Her taunt was interrupted as the third missile rack on the top of the machine flipped open. Three rockets whizzed outward and scattered arou
nd Mieke. She felt shrapnel enter her body from all sides as she dropped the fifty-cal to the ground. Her shin bone was chipped by a piece of rocket as it sliced across her previously undamaged leg. Even with her high pain tolerance, she screamed out.
The cool dirt rained down over her laid-out face. She heard the peacekeeper approach to finish the job. She writhed in the dirt as she rolled over to see it a few meters before her.
It’s two fore legs and one back leg were all that scooted it along. The appendages sunk deeply into the dirt with each step as they dragged along the disabled ones. It was a far cry from the blinding speed it had previously possessed. She noted the missing rail gun and plasma caster where its left arm should have been. It looked almost as ripped apart as she was. A handful of remaining sensors seemed to study her carefully. The entire left side of the beast looked to have been crushed in the fall from the dining area.
When it was a few scant paces away, it looked down on her with a sort of disdain as the largest hexagonal missile rack opened its cover. The steel sheet seemed to recoil slightly as it bounced and failed to fully open.
Mieke grinned.
She rolled with as much speed as her impaired body could muster as she tossed herself into a crater dug by one of the rockets that had injured her.

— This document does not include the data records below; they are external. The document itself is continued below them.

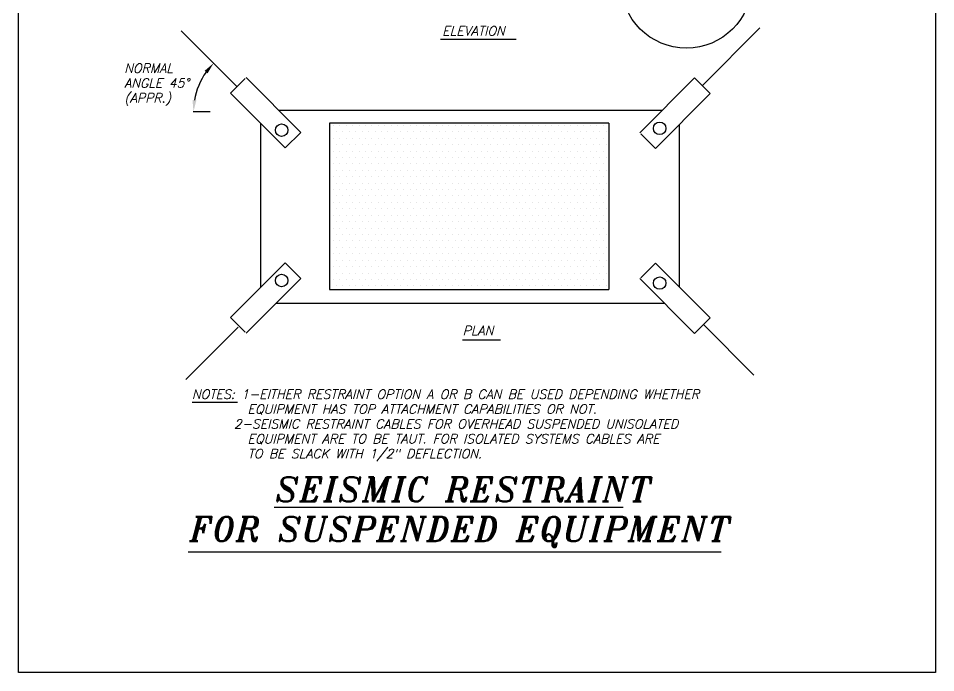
# Model space of a CAD drawing. Extents: x -730 to 2784, y 160 to 852.
# Drawn here: x -712.33 to -703.94, y 255.26 to 261.24 of the extents above; entities that cross this region are included whole.
import ezdxf

# ---------------------------------------------------------------- set-up
doc = ezdxf.new("R2010")
doc.units = 0
doc.header["$MEASUREMENT"] = 0
doc.header["$PDMODE"] = 34
doc.header["$PDSIZE"] = 0.4
for name, color, linetype in [('1', 1, 'Continuous'), ('4', 1, 'Continuous'), ('7', 7, 'Continuous'), ('M_HV_TABLE', 140, 'Continuous')]:
    doc.layers.add(name, color=color, linetype=linetype)
doc.layers.add('2', color=2, linetype='Continuous', lineweight=25)
doc.layers.add('3', color=3, linetype='Continuous', lineweight=25)
doc.styles.add('ROMANC', font='italict.shx')

# ---------------------------------------------------------------- blocks, each defined once
blk = doc.blocks.new('*X227')
at = {"color": 0}
for p, q in [((-141187.5, 142875), (-141187.5, 142875)), ((-141125, 143000), (-141125, 143000)), ((-141062.5, 142875), (-141062.5, 142875)), ((-141000, 143000), (-141000, 143000)), ((-140937.5, 142875), (-140937.5, 142875)), ((-140875, 143000), (-140875, 143000)), ((-140812.5, 142875), (-140812.5, 142875)), ((-140750, 143000), (-140750, 143000)), ((-140687.5, 142875), (-140687.5, 142875)), ((-140625, 143000), (-140625, 143000)), ((-140562.5, 142875), (-140562.5, 142875)), ((-140500, 143000), (-140500, 143000)), ((-140437.5, 142875), (-140437.5, 142875)), ((-140375, 143000), (-140375, 143000)), ((-140312.5, 142875), (-140312.5, 142875)), ((-140250, 143000), (-140250, 143000)), ((-140187.5, 142875), (-140187.5, 142875)), ((-140125, 143000), (-140125, 143000)), ((-140062.5, 142875), (-140062.5, 142875)), ((-140000, 143000), (-140000, 143000)), ((-139937.5, 142875), (-139937.5, 142875)), ((-139875, 143000), (-139875, 143000)), ((-139812.5, 142875), (-139812.5, 142875)), ((-139750, 143000), (-139750, 143000)), ((-139687.5, 142875), (-139687.5, 142875)), ((-139625, 143000), (-139625, 143000)), ((-139562.5, 142875), (-139562.5, 142875)), ((-139500, 143000), (-139500, 143000)), ((-139437.5, 142875), (-139437.5, 142875)), ((-139375, 143000), (-139375, 143000)), ((-139312.5, 142875), (-139312.5, 142875)), ((-139250, 143000), (-139250, 143000)), ((-139187.5, 142875), (-139187.5, 142875)), ((-139125, 143000), (-139125, 143000)), ((-139062.5, 142875), (-139062.5, 142875)), ((-139000, 143000), (-139000, 143000)), ((-138937.5, 142875), (-138937.5, 142875)), ((-138875, 143000), (-138875, 143000)), ((-138812.5, 142875), (-138812.5, 142875)), ((-138750, 143000), (-138750, 143000)), ((-138687.5, 142875), (-138687.5, 142875)), ((-138625, 143000), (-138625, 143000)), ((-138562.5, 142875), (-138562.5, 142875)), ((-138500, 143000), (-138500, 143000)), ((-138437.5, 142875), (-138437.5, 142875)), ((-138375, 143000), (-138375, 143000)), ((-138312.5, 142875), (-138312.5, 142875)), ((-138250, 143000), (-138250, 143000)), ((-138187.5, 142875), (-138187.5, 142875)), ((-138125, 143000), (-138125, 143000)), ((-138062.5, 142875), (-138062.5, 142875)), ((-138000, 143000), (-138000, 143000)), ((-137937.5, 142875), (-137937.5, 142875)), ((-137875, 143000), (-137875, 143000)), ((-137812.5, 142875), (-137812.5, 142875)), ((-137750, 143000), (-137750, 143000)), ((-137687.5, 142875), (-137687.5, 142875)), ((-137625, 143000), (-137625, 143000)), ((-137562.5, 142875), (-137562.5, 142875)), ((-137500, 143000), (-137500, 143000)), ((-137437.5, 142875), (-137437.5, 142875)), ((-137375, 143000), (-137375, 143000)), ((-137312.5, 142875), (-137312.5, 142875)), ((-137250, 143000), (-137250, 143000)), ((-137187.5, 142875), (-137187.5, 142875)), ((-137125, 143000), (-137125, 143000)), ((-137062.5, 142875), (-137062.5, 142875)), ((-137000, 143000), (-137000, 143000)), ((-136937.5, 142875), (-136937.5, 142875)), ((-136875, 143000), (-136875, 143000)), ((-136812.5, 142875), (-136812.5, 142875)), ((-136750, 143000), (-136750, 143000)), ((-136687.5, 142875), (-136687.5, 142875)), ((-136625, 143000), (-136625, 143000)), ((-136562.5, 142875), (-136562.5, 142875)), ((-136500, 143000), (-136500, 143000)), ((-136437.5, 142875), (-136437.5, 142875)), ((-136375, 143000), (-136375, 143000)), ((-136312.5, 142875), (-136312.5, 142875)), ((-136250, 143000), (-136250, 143000)), ((-136187.5, 142875), (-136187.5, 142875)), ((-136125, 143000), (-136125, 143000)), ((-136062.5, 142875), (-136062.5, 142875)), ((-136000, 143000), (-136000, 143000)), ((-135937.5, 142875), (-135937.5, 142875)), ((-135875, 143000), (-135875, 143000)), ((-135812.5, 142875), (-135812.5, 142875)), ((-141125, 142750), (-141125, 142750)), ((-141000, 142750), (-141000, 142750)), ((-140875, 142750), (-140875, 142750)), ((-140750, 142750), (-140750, 142750)), ((-140625, 142750), (-140625, 142750)), ((-140500, 142750), (-140500, 142750)), ((-140375, 142750), (-140375, 142750)), ((-140250, 142750), (-140250, 142750)), ((-140125, 142750), (-140125, 142750)), ((-140000, 142750), (-140000, 142750)), ((-139875, 142750), (-139875, 142750)), ((-139750, 142750), (-139750, 142750)), ((-139625, 142750), (-139625, 142750)), ((-139500, 142750), (-139500, 142750)), ((-139375, 142750), (-139375, 142750)), ((-139250, 142750), (-139250, 142750)), ((-139125, 142750), (-139125, 142750)), ((-139000, 142750), (-139000, 142750)), ((-138875, 142750), (-138875, 142750)), ((-138750, 142750), (-138750, 142750)), ((-138625, 142750), (-138625, 142750)), ((-138500, 142750), (-138500, 142750)), ((-138375, 142750), (-138375, 142750)), ((-138250, 142750), (-138250, 142750)), ((-138125, 142750), (-138125, 142750)), ((-138000, 142750), (-138000, 142750)), ((-137875, 142750), (-137875, 142750)), ((-137750, 142750), (-137750, 142750)), ((-137625, 142750), (-137625, 142750)), ((-137500, 142750), (-137500, 142750)), ((-137375, 142750), (-137375, 142750)), ((-137250, 142750), (-137250, 142750)), ((-137125, 142750), (-137125, 142750)), ((-137000, 142750), (-137000, 142750)), ((-136875, 142750), (-136875, 142750)), ((-136750, 142750), (-136750, 142750)), ((-136625, 142750), (-136625, 142750)), ((-136500, 142750), (-136500, 142750)), ((-136375, 142750), (-136375, 142750)), ((-136250, 142750), (-136250, 142750)), ((-136125, 142750), (-136125, 142750)), ((-136000, 142750), (-136000, 142750)), ((-135875, 142750), (-135875, 142750)), ((-141187.5, 142625), (-141187.5, 142625)), ((-141125, 142500), (-141125, 142500)), ((-141062.5, 142625), (-141062.5, 142625)), ((-141000, 142500), (-141000, 142500)), ((-140937.5, 142625), (-140937.5, 142625)), ((-140875, 142500), (-140875, 142500)), ((-140812.5, 142625), (-140812.5, 142625)), ((-140750, 142500), (-140750, 142500)), ((-140687.5, 142625), (-140687.5, 142625)), ((-140625, 142500), (-140625, 142500)), ((-140562.5, 142625), (-140562.5, 142625)), ((-140500, 142500), (-140500, 142500)), ((-140437.5, 142625), (-140437.5, 142625)), ((-140375, 142500), (-140375, 142500)), ((-140312.5, 142625), (-140312.5, 142625)), ((-140250, 142500), (-140250, 142500)), ((-140187.5, 142625), (-140187.5, 142625)), ((-140125, 142500), (-140125, 142500)), ((-140062.5, 142625), (-140062.5, 142625)), ((-140000, 142500), (-140000, 142500)), ((-139937.5, 142625), (-139937.5, 142625)), ((-139875, 142500), (-139875, 142500)), ((-139812.5, 142625), (-139812.5, 142625)), ((-139750, 142500), (-139750, 142500)), ((-139687.5, 142625), (-139687.5, 142625)), ((-139625, 142500), (-139625, 142500)), ((-139562.5, 142625), (-139562.5, 142625)), ((-139500, 142500), (-139500, 142500)), ((-139437.5, 142625), (-139437.5, 142625)), ((-139375, 142500), (-139375, 142500)), ((-139312.5, 142625), (-139312.5, 142625)), ((-139250, 142500), (-139250, 142500)), ((-139187.5, 142625), (-139187.5, 142625)), ((-139125, 142500), (-139125, 142500)), ((-139062.5, 142625), (-139062.5, 142625)), ((-139000, 142500), (-139000, 142500)), ((-138937.5, 142625), (-138937.5, 142625)), ((-138875, 142500), (-138875, 142500)), ((-138812.5, 142625), (-138812.5, 142625)), ((-138750, 142500), (-138750, 142500)), ((-138687.5, 142625), (-138687.5, 142625)), ((-138625, 142500), (-138625, 142500)), ((-138562.5, 142625), (-138562.5, 142625)), ((-138500, 142500), (-138500, 142500)), ((-138437.5, 142625), (-138437.5, 142625)), ((-138375, 142500), (-138375, 142500)), ((-138312.5, 142625), (-138312.5, 142625)), ((-138250, 142500), (-138250, 142500)), ((-138187.5, 142625), (-138187.5, 142625)), ((-138125, 142500), (-138125, 142500)), ((-138062.5, 142625), (-138062.5, 142625)), ((-138000, 142500), (-138000, 142500)), ((-137937.5, 142625), (-137937.5, 142625)), ((-137875, 142500), (-137875, 142500)), ((-137812.5, 142625), (-137812.5, 142625)), ((-137750, 142500), (-137750, 142500)), ((-137687.5, 142625), (-137687.5, 142625)), ((-137625, 142500), (-137625, 142500)), ((-137562.5, 142625), (-137562.5, 142625)), ((-137500, 142500), (-137500, 142500)), ((-137437.5, 142625), (-137437.5, 142625)), ((-137375, 142500), (-137375, 142500)), ((-137312.5, 142625), (-137312.5, 142625)), ((-137250, 142500), (-137250, 142500)), ((-137187.5, 142625), (-137187.5, 142625)), ((-137125, 142500), (-137125, 142500)), ((-137062.5, 142625), (-137062.5, 142625)), ((-137000, 142500), (-137000, 142500)), ((-136937.5, 142625), (-136937.5, 142625)), ((-136875, 142500), (-136875, 142500)), ((-136812.5, 142625), (-136812.5, 142625)), ((-136750, 142500), (-136750, 142500)), ((-136687.5, 142625), (-136687.5, 142625)), ((-136625, 142500), (-136625, 142500)), ((-136562.5, 142625), (-136562.5, 142625)), ((-136500, 142500), (-136500, 142500)), ((-136437.5, 142625), (-136437.5, 142625)), ((-136375, 142500), (-136375, 142500)), ((-136312.5, 142625), (-136312.5, 142625)), ((-136250, 142500), (-136250, 142500)), ((-136187.5, 142625), (-136187.5, 142625)), ((-136125, 142500), (-136125, 142500)), ((-136062.5, 142625), (-136062.5, 142625)), ((-136000, 142500), (-136000, 142500)), ((-135937.5, 142625), (-135937.5, 142625)), ((-135875, 142500), (-135875, 142500)), ((-135812.5, 142625), (-135812.5, 142625)), ((-141187.5, 142375), (-141187.5, 142375)), ((-141062.5, 142375), (-141062.5, 142375)), ((-140937.5, 142375), (-140937.5, 142375)), ((-140812.5, 142375), (-140812.5, 142375)), ((-140687.5, 142375), (-140687.5, 142375)), ((-140562.5, 142375), (-140562.5, 142375)), ((-140437.5, 142375), (-140437.5, 142375)), ((-140312.5, 142375), (-140312.5, 142375)), ((-140187.5, 142375), (-140187.5, 142375)), ((-140062.5, 142375), (-140062.5, 142375)), ((-139937.5, 142375), (-139937.5, 142375)), ((-139812.5, 142375), (-139812.5, 142375)), ((-139687.5, 142375), (-139687.5, 142375)), ((-139562.5, 142375), (-139562.5, 142375)), ((-139437.5, 142375), (-139437.5, 142375)), ((-139312.5, 142375), (-139312.5, 142375)), ((-139187.5, 142375), (-139187.5, 142375)), ((-139062.5, 142375), (-139062.5, 142375)), ((-138937.5, 142375), (-138937.5, 142375)), ((-138812.5, 142375), (-138812.5, 142375)), ((-138687.5, 142375), (-138687.5, 142375)), ((-138562.5, 142375), (-138562.5, 142375)), ((-138437.5, 142375), (-138437.5, 142375)), ((-138312.5, 142375), (-138312.5, 142375)), ((-138187.5, 142375), (-138187.5, 142375)), ((-138062.5, 142375), (-138062.5, 142375)), ((-137937.5, 142375), (-137937.5, 142375)), ((-137812.5, 142375), (-137812.5, 142375)), ((-137687.5, 142375), (-137687.5, 142375)), ((-137562.5, 142375), (-137562.5, 142375)), ((-137437.5, 142375), (-137437.5, 142375)), ((-137312.5, 142375), (-137312.5, 142375)), ((-137187.5, 142375), (-137187.5, 142375)), ((-137062.5, 142375), (-137062.5, 142375)), ((-136937.5, 142375), (-136937.5, 142375)), ((-136812.5, 142375), (-136812.5, 142375)), ((-136687.5, 142375), (-136687.5, 142375)), ((-136562.5, 142375), (-136562.5, 142375)), ((-136437.5, 142375), (-136437.5, 142375)), ((-136312.5, 142375), (-136312.5, 142375)), ((-136187.5, 142375), (-136187.5, 142375)), ((-136062.5, 142375), (-136062.5, 142375)), ((-135937.5, 142375), (-135937.5, 142375)), ((-135812.5, 142375), (-135812.5, 142375)), ((-141125, 142250), (-141125, 142250)), ((-141000, 142250), (-141000, 142250)), ((-140875, 142250), (-140875, 142250)), ((-140750, 142250), (-140750, 142250)), ((-140625, 142250), (-140625, 142250)), ((-140500, 142250), (-140500, 142250)), ((-140375, 142250), (-140375, 142250)), ((-140250, 142250), (-140250, 142250)), ((-140125, 142250), (-140125, 142250)), ((-140000, 142250), (-140000, 142250)), ((-139875, 142250), (-139875, 142250)), ((-139750, 142250), (-139750, 142250)), ((-139625, 142250), (-139625, 142250)), ((-139500, 142250), (-139500, 142250)), ((-139375, 142250), (-139375, 142250)), ((-139250, 142250), (-139250, 142250)), ((-139125, 142250), (-139125, 142250)), ((-139000, 142250), (-139000, 142250)), ((-138875, 142250), (-138875, 142250)), ((-138750, 142250), (-138750, 142250)), ((-138625, 142250), (-138625, 142250)), ((-138500, 142250), (-138500, 142250)), ((-138375, 142250), (-138375, 142250)), ((-138250, 142250), (-138250, 142250)), ((-138125, 142250), (-138125, 142250)), ((-138000, 142250), (-138000, 142250)), ((-137875, 142250), (-137875, 142250)), ((-137750, 142250), (-137750, 142250)), ((-137625, 142250), (-137625, 142250)), ((-137500, 142250), (-137500, 142250)), ((-137375, 142250), (-137375, 142250)), ((-137250, 142250), (-137250, 142250)), ((-137125, 142250), (-137125, 142250)), ((-137000, 142250), (-137000, 142250)), ((-136875, 142250), (-136875, 142250)), ((-136750, 142250), (-136750, 142250)), ((-136625, 142250), (-136625, 142250)), ((-136500, 142250), (-136500, 142250)), ((-136375, 142250), (-136375, 142250)), ((-136250, 142250), (-136250, 142250)), ((-136125, 142250), (-136125, 142250)), ((-136000, 142250), (-136000, 142250)), ((-135875, 142250), (-135875, 142250)), ((-141187.5, 142125), (-141187.5, 142125)), ((-141125, 142000), (-141125, 142000)), ((-141062.5, 142125), (-141062.5, 142125)), ((-141000, 142000), (-141000, 142000)), ((-140937.5, 142125), (-140937.5, 142125)), ((-140875, 142000), (-140875, 142000)), ((-140812.5, 142125), (-140812.5, 142125)), ((-140750, 142000), (-140750, 142000)), ((-140687.5, 142125), (-140687.5, 142125)), ((-140625, 142000), (-140625, 142000)), ((-140562.5, 142125), (-140562.5, 142125)), ((-140500, 142000), (-140500, 142000)), ((-140437.5, 142125), (-140437.5, 142125)), ((-140375, 142000), (-140375, 142000)), ((-140312.5, 142125), (-140312.5, 142125)), ((-140250, 142000), (-140250, 142000)), ((-140187.5, 142125), (-140187.5, 142125)), ((-140125, 142000), (-140125, 142000)), ((-140062.5, 142125), (-140062.5, 142125)), ((-140000, 142000), (-140000, 142000)), ((-139937.5, 142125), (-139937.5, 142125)), ((-139875, 142000), (-139875, 142000)), ((-139812.5, 142125), (-139812.5, 142125)), ((-139750, 142000), (-139750, 142000)), ((-139687.5, 142125), (-139687.5, 142125)), ((-139625, 142000), (-139625, 142000)), ((-139562.5, 142125), (-139562.5, 142125)), ((-139500, 142000), (-139500, 142000)), ((-139437.5, 142125), (-139437.5, 142125)), ((-139375, 142000), (-139375, 142000)), ((-139312.5, 142125), (-139312.5, 142125)), ((-139250, 142000), (-139250, 142000)), ((-139187.5, 142125), (-139187.5, 142125)), ((-139125, 142000), (-139125, 142000)), ((-139062.5, 142125), (-139062.5, 142125)), ((-139000, 142000), (-139000, 142000)), ((-138937.5, 142125), (-138937.5, 142125)), ((-138875, 142000), (-138875, 142000)), ((-138812.5, 142125), (-138812.5, 142125)), ((-138750, 142000), (-138750, 142000)), ((-138687.5, 142125), (-138687.5, 142125)), ((-138625, 142000), (-138625, 142000)), ((-138562.5, 142125), (-138562.5, 142125)), ((-138500, 142000), (-138500, 142000)), ((-138437.5, 142125), (-138437.5, 142125)), ((-138375, 142000), (-138375, 142000)), ((-138312.5, 142125), (-138312.5, 142125)), ((-138250, 142000), (-138250, 142000)), ((-138187.5, 142125), (-138187.5, 142125)), ((-138125, 142000), (-138125, 142000)), ((-138062.5, 142125), (-138062.5, 142125)), ((-138000, 142000), (-138000, 142000)), ((-137937.5, 142125), (-137937.5, 142125)), ((-137875, 142000), (-137875, 142000)), ((-137812.5, 142125), (-137812.5, 142125)), ((-137750, 142000), (-137750, 142000)), ((-137687.5, 142125), (-137687.5, 142125)), ((-137625, 142000), (-137625, 142000)), ((-137562.5, 142125), (-137562.5, 142125)), ((-137500, 142000), (-137500, 142000)), ((-137437.5, 142125), (-137437.5, 142125)), ((-137375, 142000), (-137375, 142000)), ((-137312.5, 142125), (-137312.5, 142125)), ((-137250, 142000), (-137250, 142000)), ((-137187.5, 142125), (-137187.5, 142125)), ((-137125, 142000), (-137125, 142000)), ((-137062.5, 142125), (-137062.5, 142125)), ((-137000, 142000), (-137000, 142000)), ((-136937.5, 142125), (-136937.5, 142125)), ((-136875, 142000), (-136875, 142000)), ((-136812.5, 142125), (-136812.5, 142125)), ((-136750, 142000), (-136750, 142000)), ((-136687.5, 142125), (-136687.5, 142125)), ((-136625, 142000), (-136625, 142000)), ((-136562.5, 142125), (-136562.5, 142125)), ((-136500, 142000), (-136500, 142000)), ((-136437.5, 142125), (-136437.5, 142125)), ((-136375, 142000), (-136375, 142000)), ((-136312.5, 142125), (-136312.5, 142125)), ((-136250, 142000), (-136250, 142000)), ((-136187.5, 142125), (-136187.5, 142125)), ((-136125, 142000), (-136125, 142000)), ((-136062.5, 142125), (-136062.5, 142125)), ((-136000, 142000), (-136000, 142000)), ((-135937.5, 142125), (-135937.5, 142125)), ((-135875, 142000), (-135875, 142000)), ((-135812.5, 142125), (-135812.5, 142125)), ((-141187.5, 141875), (-141187.5, 141875)), ((-141062.5, 141875), (-141062.5, 141875)), ((-140937.5, 141875), (-140937.5, 141875)), ((-140812.5, 141875), (-140812.5, 141875)), ((-140687.5, 141875), (-140687.5, 141875)), ((-140562.5, 141875), (-140562.5, 141875)), ((-140437.5, 141875), (-140437.5, 141875)), ((-140312.5, 141875), (-140312.5, 141875)), ((-140187.5, 141875), (-140187.5, 141875)), ((-140062.5, 141875), (-140062.5, 141875)), ((-139937.5, 141875), (-139937.5, 141875)), ((-139812.5, 141875), (-139812.5, 141875)), ((-139687.5, 141875), (-139687.5, 141875)), ((-139562.5, 141875), (-139562.5, 141875)), ((-139437.5, 141875), (-139437.5, 141875)), ((-139312.5, 141875), (-139312.5, 141875)), ((-139187.5, 141875), (-139187.5, 141875)), ((-139062.5, 141875), (-139062.5, 141875)), ((-138937.5, 141875), (-138937.5, 141875)), ((-138812.5, 141875), (-138812.5, 141875)), ((-138687.5, 141875), (-138687.5, 141875)), ((-138562.5, 141875), (-138562.5, 141875)), ((-138437.5, 141875), (-138437.5, 141875)), ((-138312.5, 141875), (-138312.5, 141875)), ((-138187.5, 141875), (-138187.5, 141875)), ((-138062.5, 141875), (-138062.5, 141875)), ((-137937.5, 141875), (-137937.5, 141875)), ((-137812.5, 141875), (-137812.5, 141875)), ((-137687.5, 141875), (-137687.5, 141875)), ((-137562.5, 141875), (-137562.5, 141875)), ((-137437.5, 141875), (-137437.5, 141875)), ((-137312.5, 141875), (-137312.5, 141875)), ((-137187.5, 141875), (-137187.5, 141875)), ((-137062.5, 141875), (-137062.5, 141875)), ((-136937.5, 141875), (-136937.5, 141875)), ((-136812.5, 141875), (-136812.5, 141875)), ((-136687.5, 141875), (-136687.5, 141875)), ((-136562.5, 141875), (-136562.5, 141875)), ((-136437.5, 141875), (-136437.5, 141875)), ((-136312.5, 141875), (-136312.5, 141875)), ((-136187.5, 141875), (-136187.5, 141875)), ((-136062.5, 141875), (-136062.5, 141875)), ((-135937.5, 141875), (-135937.5, 141875)), ((-135812.5, 141875), (-135812.5, 141875)), ((-141187.5, 141625), (-141187.5, 141625)), ((-141125, 141750), (-141125, 141750)), ((-141062.5, 141625), (-141062.5, 141625)), ((-141000, 141750), (-141000, 141750)), ((-140937.5, 141625), (-140937.5, 141625)), ((-140875, 141750), (-140875, 141750)), ((-140812.5, 141625), (-140812.5, 141625)), ((-140750, 141750), (-140750, 141750)), ((-140687.5, 141625), (-140687.5, 141625)), ((-140625, 141750), (-140625, 141750)), ((-140562.5, 141625), (-140562.5, 141625)), ((-140500, 141750), (-140500, 141750)), ((-140437.5, 141625), (-140437.5, 141625)), ((-140375, 141750), (-140375, 141750)), ((-140312.5, 141625), (-140312.5, 141625)), ((-140250, 141750), (-140250, 141750)), ((-140187.5, 141625), (-140187.5, 141625)), ((-140125, 141750), (-140125, 141750)), ((-140062.5, 141625), (-140062.5, 141625)), ((-140000, 141750), (-140000, 141750)), ((-139937.5, 141625), (-139937.5, 141625)), ((-139875, 141750), (-139875, 141750)), ((-139812.5, 141625), (-139812.5, 141625)), ((-139750, 141750), (-139750, 141750)), ((-139687.5, 141625), (-139687.5, 141625)), ((-139625, 141750), (-139625, 141750)), ((-139562.5, 141625), (-139562.5, 141625)), ((-139500, 141750), (-139500, 141750)), ((-139437.5, 141625), (-139437.5, 141625)), ((-139375, 141750), (-139375, 141750)), ((-139312.5, 141625), (-139312.5, 141625)), ((-139250, 141750), (-139250, 141750)), ((-139187.5, 141625), (-139187.5, 141625)), ((-139125, 141750), (-139125, 141750)), ((-139062.5, 141625), (-139062.5, 141625)), ((-139000, 141750), (-139000, 141750)), ((-138937.5, 141625), (-138937.5, 141625)), ((-138875, 141750), (-138875, 141750)), ((-138812.5, 141625), (-138812.5, 141625)), ((-138750, 141750), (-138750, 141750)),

Her eyes caught the missiles launching as they rebounded against the guard and shot downward into the already paralyzed peacekeeper. Bits of metal sprayed into the ground all around her as a final explosion caused a fireball to rise into the night sky. Metal whistled through the air for seconds afterward as a crash indicated the peacekeeper’s fall.
A bloodied Mieke stared up into the sky as the crater she’d taken refuge in was lit up bright white by a super-heated lithium flame. She coughed up blood as she forced herself to stand. She had to see it. As much pain as she was in, Mieke needed to know it was dead. Crawling upward on arms that were coated in a tacky mixture of dirt, clay, and partially coagulated blood, she forced herself higher and higher.